Hacker Newsnew | past | comments | ask | show | jobs | submitlogin

For anything more complicated you can also get very far with simple python programs that read one line at a time and output some transformation of it (which might include turning one line into many to be piped into sort etc)


I think that the optimal way to do these kind of things is:

1) Assuming there is no joins/merges requirement, read in chunks and output GB dumps.

2) If joins/merges are required, use external merge sort.

Is this correct? Actually I'm wondering whether I could earn some bread and butter by focusing on the big data processing problems (e.g. sort/filter Terabytes+ dumps, do transformation for each line for Terabytes+ dumps, those kind of things) without actually knowing how to implement math algorithms (required for data science).

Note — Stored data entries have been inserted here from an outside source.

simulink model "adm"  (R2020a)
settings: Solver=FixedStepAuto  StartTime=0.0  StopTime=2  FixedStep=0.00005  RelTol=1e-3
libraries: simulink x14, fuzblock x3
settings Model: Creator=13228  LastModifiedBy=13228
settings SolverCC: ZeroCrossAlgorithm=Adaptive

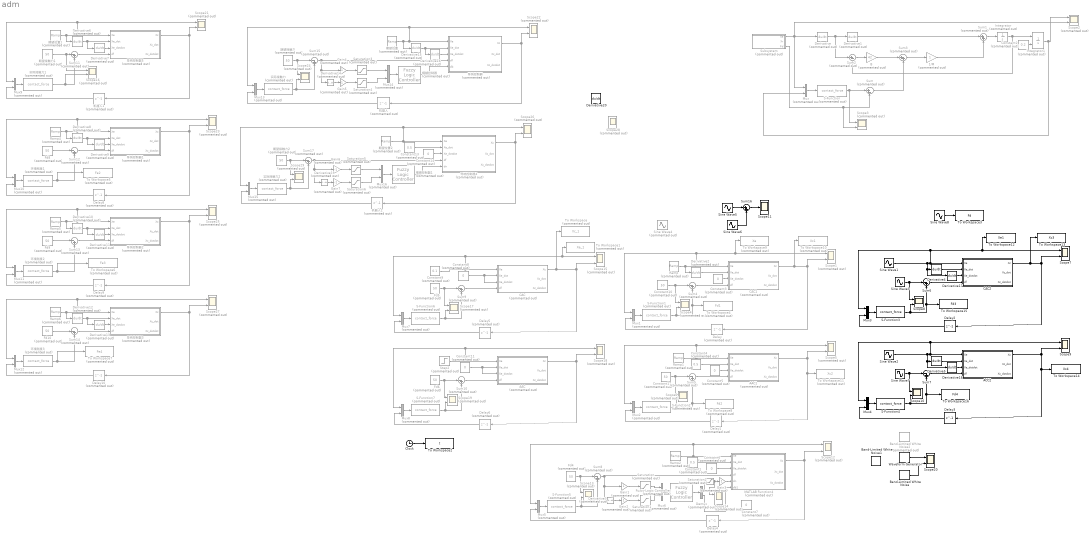
== system adm ==
  1/M : Gain  Commented=on
  AAC : MATLAB Function  Commented=on  TreatAsAtomicUnit=on
  AAC1 : MATLAB Function  Commented=on  TreatAsAtomicUnit=on
  ACC2 : MATLAB Function  TreatAsAtomicUnit=on
  B : Gain  Commented=on  Gain=42
  Band-Limited White Noise : simulink/Sources/Band-Limited White Noise  Cov=[0.2*0.2*0.01]  Ts=0.01  seed=[23341]
  Band-Limited White Noise1 : simulink/Sources/Band-Limited White Noise  Cov=[0.1]  Ts=0.1  seed=[23341]
  Band-Limited White Noise2 : simulink/Sources/Band-Limited White Noise  Commented=on  Cov=[0.1]  Ts=0.1  seed=[23341]
  CAC : MATLAB Function  Commented=on  TreatAsAtomicUnit=on
  CAC1 : MATLAB Function  Commented=on  TreatAsAtomicUnit=on
  CAC2 : MATLAB Function  TreatAsAtomicUnit=on
  Clock : Clock
  Constant1 : Constant  Commented=on  Value=0.5
  Constant10 : Constant  Commented=on  Value=50
  Constant{3,5..8,11,14} (7 alike) : Constant  Commented=on  Value=0
  Constant12 : Constant  Commented=on  Value=50
  Constant13 : Constant  Commented=on  Value=0.5
  Constant2 : Constant  Commented=on  Value=0.2
  Constant4 : Constant  Commented=on  Value=0.5
  Constant9 : Constant  Commented=on  Value=0.1
  Delay{,1,4,8..10} (6 alike) : Delay  Commented=on  DelayLength=1  InitialCondition=-0.002
  Delay2 : Delay  DelayLength=1  InitialCondition=0.098
  Delay3 : Delay  DelayLength=1  InitialCondition=0.098
  Delay5 : Delay  Commented=on  DelayLength=1  InitialCondition=0.098
  Delay6 : Delay  Commented=on  DelayLength=1  InitialCondition=0.098
  Demux : Demux  Commented=on  Outputs=2
  Derivative{,1..3,6..16,19} (16 alike) : Derivative  Commented=on
  Derivative{4..5,17..18,20} (5 alike) : Derivative
  Fd{4..6,8..10} (6 alike) : Constant  Commented=on  Value=50
  Fuzzy Logic Controller : fuzblock/Fuzzy Logic  Controller  Commented=on  FIS='fuzzy.fis'  OutputSampleNumber=101  DataType=double  FuzzifiedInputs=off  RuleFiringStrengths=off  RuleOutputs=off  AggregatedOutputs=off  SimulateUsing=Interpreted execution  OutOfRangeInputValueMessage=warning  NoRuleFiredMessage=warning  EmptyOutputFuzzySetMessage=warning
  Gain{1..5} (5 alike) : Gain  Commented=on
  Gain6 : Gain  Commented=on  Gain=-1
  Gain7 : Gain  Commented=on  Gain=-1
  Integrator : Integrator  Commented=on
  Integrator1 : Integrator  Commented=on  InitialConditionSource=external
  MATLAB Function4 : MATLAB Function  Commented=on  TreatAsAtomicUnit=on
  Mux{,1..2,5..16} (15 alike) : Mux  Commented=on  Inputs=2
  Mux3 : Mux  Inputs=2
  Mux4 : Mux  Inputs=2
  Ramp{,1..2,4..6} (6 alike) : simulink/Sources/Ramp  Commented=on  slope=0.5  start=0.001  InitialOutput=0
  S-Function{,1..2,5..7} (6 alike) : S-Function  Commented=on  FunctionName=contact_force  SFunctionDeploymentMode=off  EnableBusSupport=off
  S-Function3 : S-Function  FunctionName=contact_force  SFunctionDeploymentMode=off  EnableBusSupport=off
  S-Function4 : S-Function  FunctionName=contact_force  SFunctionDeploymentMode=off  EnableBusSupport=off
  Saturation{,1,3..4} (4 alike) : Saturate  Commented=on  UpperLimit=8  LowerLimit=-8
  Saturation2 : Saturate  Commented=on  UpperLimit=10000  LowerLimit=-10000
  Saturation5 : Saturate  Commented=on  UpperLimit=6  LowerLimit=-6
  Saturation6 : Saturate  Commented=on  UpperLimit=6  LowerLimit=-6
  Scope{1..6,12..19,21..27,29} (22 alike) : Scope  Commented=on  NumInputPorts=2
  Scope{7..10,20} (5 alike) : Scope  NumInputPorts=2
  Scope11 : Scope
  Scope28 : Scope  Commented=on
  Sine Wave1 : Sin  Amplitude=0.1  Bias=0.1  Frequency=pi  Phase=0.01  SampleTime=0
  Sine Wave2 : Sin  Amplitude=0.1  Bias=0.1  Frequency=pi  Phase=0.01  SampleTime=0
  Sine Wave3 : Sin  Amplitude=5  Bias=10  Frequency=pi  Phase=0.01  SampleTime=0
  Sine Wave4 : Sin  Commented=on  Amplitude=5  Bias=10  Frequency=2*pi  Phase=0.01  SampleTime=0
  Sine Wave5 : Sin  Amplitude=0.05  Bias=0.1  Frequency=2*pi  Phase=0.01  SampleTime=0
  Sine Wave6 : Sin  Amplitude=0.03  Bias=-0.1  Frequency=5*pi  Phase=pi  SampleTime=0
  Sine Wave7 : Sin  Amplitude=5  Bias=10  Frequency=pi  Phase=0.01  SampleTime=0
  Sine Wave8 : Sin  Amplitude=5  Bias=10  Frequency=pi  Phase=0.01  SampleTime=0
  Step2 : Step  Commented=on  Time=0  After=0.1  SampleTime=0
  Subsystem : Subsystem  Commented=on
  Sum : Sum  Commented=on  Inputs=|+-
  Sum1 : Sum  Commented=on  Inputs=|++
  Sum{4..5,8..15,17} (11 alike) : Sum  Commented=on  Inputs=|-+
  Sum16 : Sum  Inputs=|++
  Sum2 : Sum  Commented=on  Inputs=|+-
  Sum3 : Sum  Commented=on  Inputs=|++
  Sum6 : Sum  Inputs=|-+
  Sum7 : Sum  Inputs=|-+
  To Workspace : ToWorkspace  Commented=on  VariableName=Xc_1  SaveFormat=Timeseries  SampleTime=-1
  To Workspace1 : ToWorkspace  Commented=on  VariableName=Xe_1  SaveFormat=Timeseries  SampleTime=-1
  To Workspace10 : ToWorkspace  Commented=on  VariableName=Xc1  SaveFormat=Timeseries  SampleTime=-1
  To Workspace11 : ToWorkspace  Commented=on  VariableName=Xc2  SaveFormat=Timeseries  SampleTime=-1
  To Workspace12 : ToWorkspace  VariableName=Xe1  SaveFormat=Timeseries  SampleTime=-1
  To Workspace13 : ToWorkspace  VariableName=Xc3  SaveFormat=Timeseries  SampleTime=-1
  To Workspace14 : ToWorkspace  VariableName=Xc4  SaveFormat=Timeseries  SampleTime=-1
  To Workspace15 : ToWorkspace  VariableName=Fd3  SaveFormat=Timeseries  SampleTime=-1
  To Workspace16 : ToWorkspace  VariableName=Fd4  SaveFormat=Timeseries  SampleTime=-1
  To Workspace2 : ToWorkspace  VariableName=t  SaveFormat=Timeseries  SampleTime=-1
  To Workspace3 : ToWorkspace  VariableName=Fd  SaveFormat=Timeseries  SampleTime=-1
  To Workspace4 : ToWorkspace  Commented=on  VariableName=Fd1  SaveFormat=Timeseries  SampleTime=-1
  To Workspace5 : ToWorkspace  Commented=on  VariableName=Fe2  SaveFormat=Timeseries  SampleTime=-1
  To Workspace6 : ToWorkspace  Commented=on  VariableName=Fe3  SaveFormat=Timeseries  SampleTime=-1
  To Workspace7 : ToWorkspace  Commented=on  VariableName=Fe4  SaveFormat=Timeseries  SampleTime=-1
  To Workspace8 : ToWorkspace  Commented=on  VariableName=Fd2  SaveFormat=Timeseries  SampleTime=-1
  To Workspace9 : ToWorkspace  Commented=on  VariableName=Xe  SaveFormat=Timeseries  SampleTime=-1
  Waveform Generator : simulink/Sources/Waveform Generator  OutMin=[]  OutMax=[]  OutDataTypeStr=double  SelectedSignal=1  BlockNames=MultiportSwitch_e3df3653d217406  SampleTime=0.1
  实际接触力 : S-Function  Commented=on  FunctionName=contact_force  SFunctionDeploymentMode=off  EnableBusSupport=off
  实际接触力1 : S-Function  Commented=on  FunctionName=contact_force  SFunctionDeploymentMode=off  EnableBusSupport=off
  实际接触力2 : S-Function  Commented=on  FunctionName=contact_force  SFunctionDeploymentMode=off  EnableBusSupport=off
  导纳控制器 : MATLAB Function  Commented=on  TreatAsAtomicUnit=on
  导纳控制器1 : MATLAB Function  Commented=on  TreatAsAtomicUnit=on
  导纳控制器2 : MATLAB Function  Commented=on  TreatAsAtomicUnit=on
  导纳控制器3 : MATLAB Function  Commented=on  TreatAsAtomicUnit=on
  导纳控制器4 : MATLAB Function  Commented=on  TreatAsAtomicUnit=on
  导纳控制器5 : MATLAB Function  Commented=on  TreatAsAtomicUnit=on
  期望位置 : simulink/Sources/Ramp  Commented=on  slope=0.5  start=0.001  InitialOutput=0
  期望位置1 : simulink/Sources/Ramp  Commented=on  slope=0.5  start=0.001  InitialOutput=0
  期望位置2 : simulink/Sources/Ramp  Commented=on  slope=0.5  start=0.001  InitialOutput=0
  期望接触力 : Constant  Commented=on  Value=50
  期望接触力1 : Constant  Commented=on  Value=50
  期望接触力2 : Constant  Commented=on  Value=50
  机器人 : Delay  Commented=on  DelayLength=1  InitialCondition=-0.002
  机器人1 : Delay  Commented=on  DelayLength=1  InitialCondition=-0.002
  机器人2 : Delay  Commented=on  DelayLength=1  InitialCondition=-0.002
  模糊控制器 : fuzblock/Fuzzy Logic  Controller  Commented=on  FIS='fuzzy3.fis'  OutputSampleNumber=101  DataType=double  FuzzifiedInputs=off  RuleFiringStrengths=off  RuleOutputs=off  AggregatedOutputs=off  SimulateUsing=Interpreted execution  OutOfRangeInputValueMessage=warning  NoRuleFiredMessage=warning  EmptyOutputFuzzySetMessage=warning
  模糊控制器1 : fuzblock/Fuzzy Logic  Controller  Commented=on  FIS='fuzzy_a.fis'  OutputSampleNumber=101  DataType=double  FuzzifiedInputs=off  RuleFiringStrengths=off  RuleOutputs=off  AggregatedOutputs=off  SimulateUsing=Interpreted execution  OutOfRangeInputValueMessage=warning  NoRuleFiredMessage=warning  EmptyOutputFuzzySetMessage=warning
  环境刚度1 : S-Function  Commented=on  FunctionName=contact_force  SFunctionDeploymentMode=off  EnableBusSupport=off
  环境刚度2 : S-Function  Commented=on  FunctionName=contact_force  SFunctionDeploymentMode=off  EnableBusSupport=off
  环境刚度3 : S-Function  Commented=on  FunctionName=contact_force  SFunctionDeploymentMode=off  EnableBusSupport=off
  wires:
  S-Function/1 -> Scope3/1, Sum/1
  Mux/1 -> S-Function/1
  Subsystem/1(Xe) -> Scope2/2, Derivative/1, Mux/1
  CAC1/1(Xc) -> To Workspace10/1, Scope1/2, Delay/1
  Derivative/1 -> Sum2/1, Derivative1/1
  Derivative1/1 -> Sum1/1
  Sum1/1 -> Integrator/1
  Subsystem/3(Fd) -> Scope3/2, Sum/2
  Integrator/1 -> Integrator1/1, Sum2/2
  Sum2/1 -> B/1
  B/1 -> Sum3/1
  Sum/1 -> Sum3/2
  Sum3/1 -> 1/M/1
  1/M/1 -> Sum1/2
  Constant2/1 -> Integrator1/2
  Integrator1/1 -> Mux/2, Scope2/1
  Mux1/1 -> S-Function1/1
  Constant10/1 -> Scope4/1, Sum4/1
  S-Function1/1 -> Scope4/2, To Workspace4/1, Sum4/2
  Sum4/1 -> CAC1/4(df)
  Delay/1 -> Mux1/2
  Ramp/1 -> Derivative2/1, Mux1/1, To Workspace9/1, Scope1/1, CAC1/1(Xe)
  Derivative2/1 -> CAC1/2(Xe_dot)
  Ramp1/1 -> Mux2/1, Scope5/1, AAC1/1(Xe)
  Mux2/1 -> S-Function2/1
  S-Function2/1 -> Scope6/2, To Workspace8/1, Sum5/2
  Constant12/1 -> Scope6/1, Sum5/1
  Delay1/1 -> Mux2/2
  Sum5/1 -> AAC1/4(df)
  S-Function4/1 -> Scope10/2, To Workspace16/1, Sum7/2
  Sine Wave1/1 -> Mux3/1, To Workspace12/1, Scope7/1, CAC2/1(Xe), Derivative17/1, Derivative4/1
  ACC2/1(Xc) -> Scope9/2, To Workspace14/1, Delay3/1
  Mux3/1 -> S-Function3/1
  Derivative5/1 -> ACC2/2(Xe_dot)
  Sum7/1 -> ACC2/4(df)
  Mux4/1 -> S-Function4/1
  Delay3/1 -> Mux4/2
  Delay2/1 -> Mux3/2
  Sine Wave7/1 -> Scope10/1, Sum7/1
  Derivative4/1 -> CAC2/2(Xe_dot)
  Sine Wave2/1 -> ACC2/1(Xe), Mux4/1, Scope9/1, Derivative18/1, Derivative5/1
  Sum6/1 -> CAC2/4(df)
  S-Function3/1 -> Scope8/2, To Workspace15/1, Sum6/2
  Sine Wave3/1 -> Scope8/1, Sum6/1
  CAC2/1(Xc) -> To Workspace13/1, Scope7/2, Delay2/1
  Constant3/1 -> CAC1/3(Xe_dotdot)
  Constant4/1 -> AAC1/2(Xe_dot)
  Constant5/1 -> AAC1/3(Xe_dotdot)
  Constant1/1 -> MATLAB Function4/2(Xe_dot)
  Constant6/1 -> MATLAB Function4/3(Xe_dotdot)
  MATLAB Function4/1(Xc) -> Scope12/2, Delay4/1
  Mux5/1 -> S-Function5/1
  Delay4/1 -> Mux5/2
  Fd4/1 -> Scope13/1, Sum8/1
  S-Function5/1 -> Scope13/2, Sum8/2
  Sum8/1 -> Gain1/1, Derivative3/1, MATLAB Function4/4(df)
  Ramp2/1 -> Mux5/1, Scope12/1, MATLAB Function4/1(Xe)
  Gain1/1 -> Saturation/1
  Gain2/1 -> Saturation1/1
  Derivative3/1 -> Gain2/1
  Saturation/1 -> Mux6/1
  Saturation1/1 -> Mux6/2
  Mux6/1 -> Fuzzy Logic Controller/1
  Fuzzy Logic Controller/1 -> Demux/1
  Demux/2 -> MATLAB Function4/6(db1)
  Demux/1 -> Saturation2/1
  Gain3/1 -> MATLAB Function4/5(dn)
  Saturation2/1 -> Scope14/1, Gain3/1
  Sum10/1 -> AAC/4(df)
  Step2/1 -> Mux8/1, Scope18/1, AAC/1(Xe)
  Mux7/1 -> S-Function6/1
  Fd6/1 -> Scope19/1, Sum10/1
  S-Function7/1 -> Scope19/2, Sum10/2
  Constant11/1 -> AAC/3(Xe_dotdot), AAC/2(Xe_dot)
  S-Function6/1 -> Scope17/2, Sum9/2
  Constant9/1 -> Mux7/1, To Workspace1/1, Scope15/1, CAC/1(Xe)
  Fd5/1 -> Scope17/1, Sum9/1
  Sum9/1 -> CAC/4(df)
  Mux8/1 -> S-Function7/1
  CAC/1(Xc) -> To Workspace/1, Scope15/2, Delay5/1
  Delay6/1 -> Mux8/2
  Delay5/1 -> Mux7/2
  Constant8/1 -> CAC/3(Xe_dotdot), CAC/2(Xe_dot)
  AAC/1(Xc) -> Scope18/2, Delay6/1
  Clock/1 -> To Workspace2/1
  Waveform Generator/1 -> Scope20/1
  Band-Limited White Noise/1 -> Scope20/2
  Derivative7/1 -> 导纳控制器5/3(Xe_dotdot)
  实际接触力1/1 -> Scope16/2, Sum11/2
  机器人1/1 -> Mux9/2
  Sum11/1 -> 导纳控制器5/4(df)
  期望位置1/1 -> Derivative6/1, Mux9/1, Scope21/1, 导纳控制器5/1(Xe)
  Mux9/1 -> 实际接触力1/1
  导纳控制器5/1(Xc) -> Scope21/2, 机器人1/1
  Derivative6/1 -> Derivative7/1, 导纳控制器5/2(Xe_dot)
  期望接触力1/1 -> Scope16/1, Sum11/1
  Derivative8/1 -> Derivative9/1, 导纳控制器1/2(Xe_dot)
  Mux10/1 -> 环境刚度1/1
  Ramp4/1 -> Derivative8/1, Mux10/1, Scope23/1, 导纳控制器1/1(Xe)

If so what kind of tools I need to master? I'm thinking about basic *nix tools like mentioned above, and also Python and maybe some compiled language for optimization (someone managed to speed up a Python external merge algorithm on 500GB file by 50% by implementing in Go), then maybe some easy algorithms (merge join, heap, etc.)


Learning Unix tools is pretty good place to start. There are a lot of commands that can do a lot of processing. It’s been a while since I learned but the book “Unix power tools” from oreily is pretty good. It’s old, but honestly these commands haven’t changed much.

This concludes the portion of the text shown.